**Update**: See the improved solution

For a project I’m currently working on, I needed a way to remove extremities from a path of consecutive points. The extremities represent points or segments of the path that we want to remove from the route (usually “going back on yourself”), while maintaining the intended course as much possible.

Given the path in black above, the points A, B and C represent the types of feature we want to remove. Continuous curves would veer the path too far from the original, and in most cases would still leave an unacceptable ‘quirk’ in the path. My searches took me from Line Generalization to Line Simplification and Line Smoothing, with smoothing getting closest to what I was after.

All of them however, alter too many of the points along the path, and generally leave a fairly recognisable footprint of the feature we are trying to remove.
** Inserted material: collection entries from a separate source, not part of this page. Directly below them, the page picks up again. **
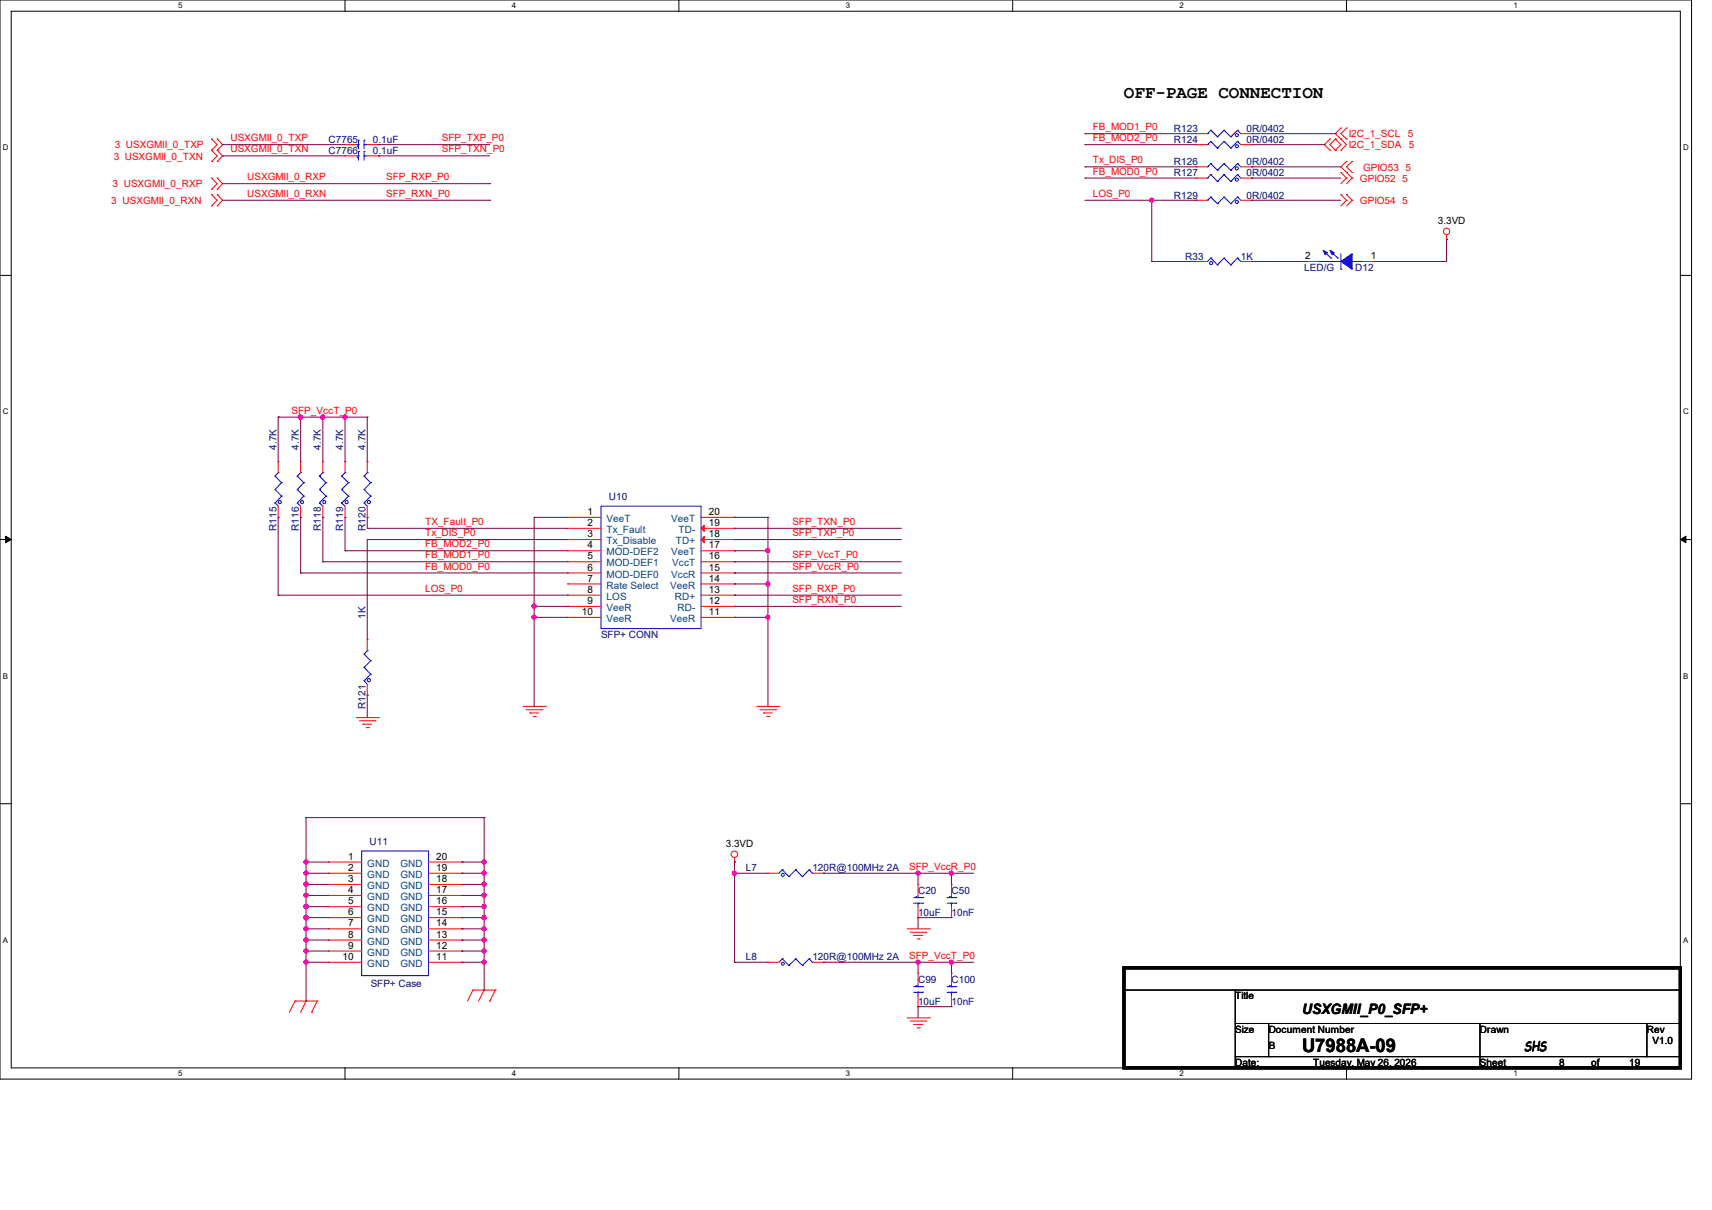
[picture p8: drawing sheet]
<svg xmlns="http://www.w3.org/2000/svg" width="297mm" height="210mm" viewBox="0 0 297 210" stroke-linecap="round" stroke-linejoin="round" font-family="sans-serif">
<g fill="none" stroke="#000" stroke-width=".17">
<path d="M0 0h293.5v187.3h-293.5zM1.9 1.9h289.6v183.4h-289.6zM59.9 0v1.9M117.8 0v1.9M175.7 0v1.9M233.6 0v1.9M0 47.8h1.9M291.5 47.8h2M0 93.6h1.9M1 93l.9 .6-.9 .6zM291.5 93.6l1-.6v1.2zM291.5 93.6h2"/>
<path d="M0 139.5h1.9M291.5 139.5h2M195 171.8h96.5M214.3 171.8v13.5M214.3 177.6h77.2M220.1 177.6v5.8M256.8 177.6v7.7M285.7 177.6v5.8M291.5 171.8h.1M291.5 177.6h.1M59.9 185.3v2M117.8 185.3v2"/>
<path d="M175.7 185.3v2M214.3 185.3h.1M214.3 183.4h77.2M220.1 183.4h.1M233.6 185.3v2M256.8 185.3h.1M285.7 183.4h.1M291.5 183.4h.1"/>
</g>
<path d="M1 93l.9 .6-.9 .6zM291.5 93.6l1-.6v1.2z" fill="#000"/>
<g fill="none" stroke="#f00" stroke-width=".17">
<path d="M36.7 26.1h.1M36.7 24.1h.1M36.7 28h.1M36.7 32.9h.1M36.7 30.9h.1M36.7 35.7h.1M36.7 33.8h.1M36.7 24.1l1 1-1 1M36.7 26.1l1 1-1 .9M36.7 30.9l1 1-1 1M36.7 33.8l1 1-1 .9M37.7 24.1h.1"/>
<path d="M37.7 26.1h.1M37.7 28h.1M37.7 30.9h.1M37.7 32.9h.1M37.7 33.8h.1M37.7 35.7h.1M37.7 24.1l.9 1-.9 1M37.7 26.1l.9 1-.9 .9M37.7 30.9l.9 1-.9 1M37.7 33.8l.9 1-.9 .9M207.5 34.8h.1M207.5 34.8h2"/>
<path d="M215.3 34.8h1.9M217.2 34.8h.1M230.7 24.1h.1M230.7 26.1h.1M230.7 24.1l-1 1 1 1M231.6 26.1h.1M231.6 24.1h.1M231.6 24.1l-.9 1 .9 1M231.6 24.1l1 1-1 1M232.6 29.9h.1M232.6 33.8h.1M232.6 26.1h.1"/>
<path d="M232.6 24.1h.1M232.6 22.2h.1M232.6 29.9l1 1M232.6 33.8l1 1M232.6 22.2l-1 1 1 .9M232.6 24.1l1 1-1 1M233.6 29.9h.1M233.6 28h.1M233.6 30.9h.1M233.6 34.8h.1M233.6 33.8h.1M233.6 24.1h.1"/>
<path d="M233.6 22.2h.1M233.6 28l-1 1 2 1.9M233.6 30.9l-1 1M233.6 34.8l-1 .9M233.6 33.8l1 1M233.6 22.2l-1 1 1 .9M234.6 28h.1M234.6 29.9h.1M234.6 30.9h.1M234.6 34.8h.1M234.6 28l-1 1 1 .9M234.6 30.9l-1 1"/>
<path d="M234.6 34.8l-1 .9M207.5 45.4h.1M207.5 45.4h2M215.3 45.4h1.9M217.2 45.4h.1M251 41.5h.1M251 40.8v.7M98.5 89.8h.1M98.5 91.7h.1M98.5 93.6h.1M98.5 95.6h.1M98.5 97.5h.1"/>
<path d="M98.5 99.4h.1M98.5 89.8h5.8M98.5 91.7h5.8M98.5 93.6h5.8M98.5 95.6h5.8M98.5 97.5h5.8M98.5 99.4h5.8M121.6 95.6h5.8M121.6 97.5h5.8M121.6 99.4h5.8M127.4 99.4h.1M127.4 97.5h.1"/>
<path d="M127.4 95.6h.1M63.7 111h.1M63.7 111v1.9M63.7 118.7v1.9M98.5 101.3h.1M98.5 103.3h.1M98.5 105.2h.1M98.5 107.1h.1M98.5 101.3h5.8M98.5 103.3h5.8M98.5 105.2h5.8M98.5 107.1h5.8"/>
<path d="M121.6 101.3h5.8M121.6 103.3h5.8M121.6 105.2h5.8M121.6 107.1h5.8M127.4 107.1h.1M127.4 105.2h.1M127.4 103.3h.1M127.4 101.3h.1M61.8 124.5h3.9M62.4 125.1h2.7M62.9 125.7h.1M62.9 125.7h1.6"/>
<path d="M63.5 126.3h.4M63.7 120.6h.1M63.9 126.3h.1M65.1 125.1h.1M65.7 124.5h.1M90.8 122.6h3.8M91.3 123.2h2.7M91.9 123.7h.1M91.9 123.7h1.5M92.5 124.3h.4M92.9 124.3h.1M94 123.2h.1"/>
<path d="M94.6 122.6h.1M131.3 122.6h3.8M131.9 123.2h2.7M132.5 123.7h.1M132.5 123.7h1.5M133 124.3h.4M133.4 124.3h.1M134.6 123.2h.1M135.1 122.6h.1M127.4 149.6h.1M127.4 148.8v.8M159.3 153.5h.1"/>
<path d="M159.3 159.3h.1M159.3 153.5v1.9M159.3 157.4v1.9M51.2 173.7h.1M51.2 173.7l-1 2M51.2 173.7h3.8M53.1 173.7h.1M53.1 173.7l-.9 2M54.1 175.7h.1M55 173.7h.1M55 173.7l-.9 2M82 171.8h.1"/>
<path d="M82 171.8l-.9 1.9M82 171.8h3.9M84 171.8h.1M84 171.8l-1 1.9M85 173.7h.1M85.9 171.8h.1M85.9 171.8l-.9 1.9M157.4 161.2h3.8M157.4 176.7h3.8M157.9 161.8h2.7M157.9 177.2h2.7M158.5 162.3h.1"/>
<path d="M158.5 177.8h.1M158.5 162.3h1.6M158.5 177.8h1.6M159.1 162.9h.4M159.1 178.4h.4M159.3 168.9h.1M159.3 174.7h.1M159.3 168.9v2M159.3 172.8v1.9M159.5 162.9h.1M159.5 178.4h.1M160.6 161.8h.1"/>
<path d="M160.6 177.2h.1M161.2 161.2h.1M161.2 176.7h.1M165.1 168.9h.1M165.1 174.7h.1M165.1 168.9v2M165.1 172.8v1.9"/>
<circle cx="250.9" cy="40.2" r=".56"/>
<circle cx="127.4" cy="148.3" r=".56"/>
</g>
<path d="M195 168h96.5v17.3h-96.5z" fill="none" stroke="#000" stroke-width=".55"/>
<g fill="none" stroke="#00f" stroke-width=".17">
<path d="M209.5 34.8h.1M210.1 34.2h.1M210.1 34.2l1.1 1.1M210.1 34.2l-.6 .6M211.2 35.3h.1M212.3 34.2h.1M212.3 34.2l1.2 1.1M212.3 34.2l-1.1 1.1M213.5 35.3h.1M214.7 34.2h.1M214.7 34.2l.6 .6M214.7 34.2l-1.2 1.1"/>
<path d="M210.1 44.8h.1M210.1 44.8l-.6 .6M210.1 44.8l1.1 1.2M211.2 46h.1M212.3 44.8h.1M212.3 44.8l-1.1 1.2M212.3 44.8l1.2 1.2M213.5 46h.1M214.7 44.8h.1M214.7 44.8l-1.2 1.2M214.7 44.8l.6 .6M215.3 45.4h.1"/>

To get the result we’re after, we need to explicitly identify the points that are causing a problem. With this in mind, the solution actually turns out to be somewhat simpler than those required above.

Each point along the path is tested against the point immediately before and after it. The angle given by the point in question is put through a high pass filter, with those that fail not making it into the new path. The `threshold`

value specifies the lowest allowable angle derived from any 3 adjacent points. The first and last points of the original line always remain unaltered. *(In the example above, the threshold was set to 12)*

~~I won’t brother wrapping this up in a class, as it’s only one method, so here it is, to do with what you please. ~~

I’ve since updated this original version and it’s now available in the DirectedPath class. I’ll leave the code below as a reference, as the update does not alter the basic premise of the solution.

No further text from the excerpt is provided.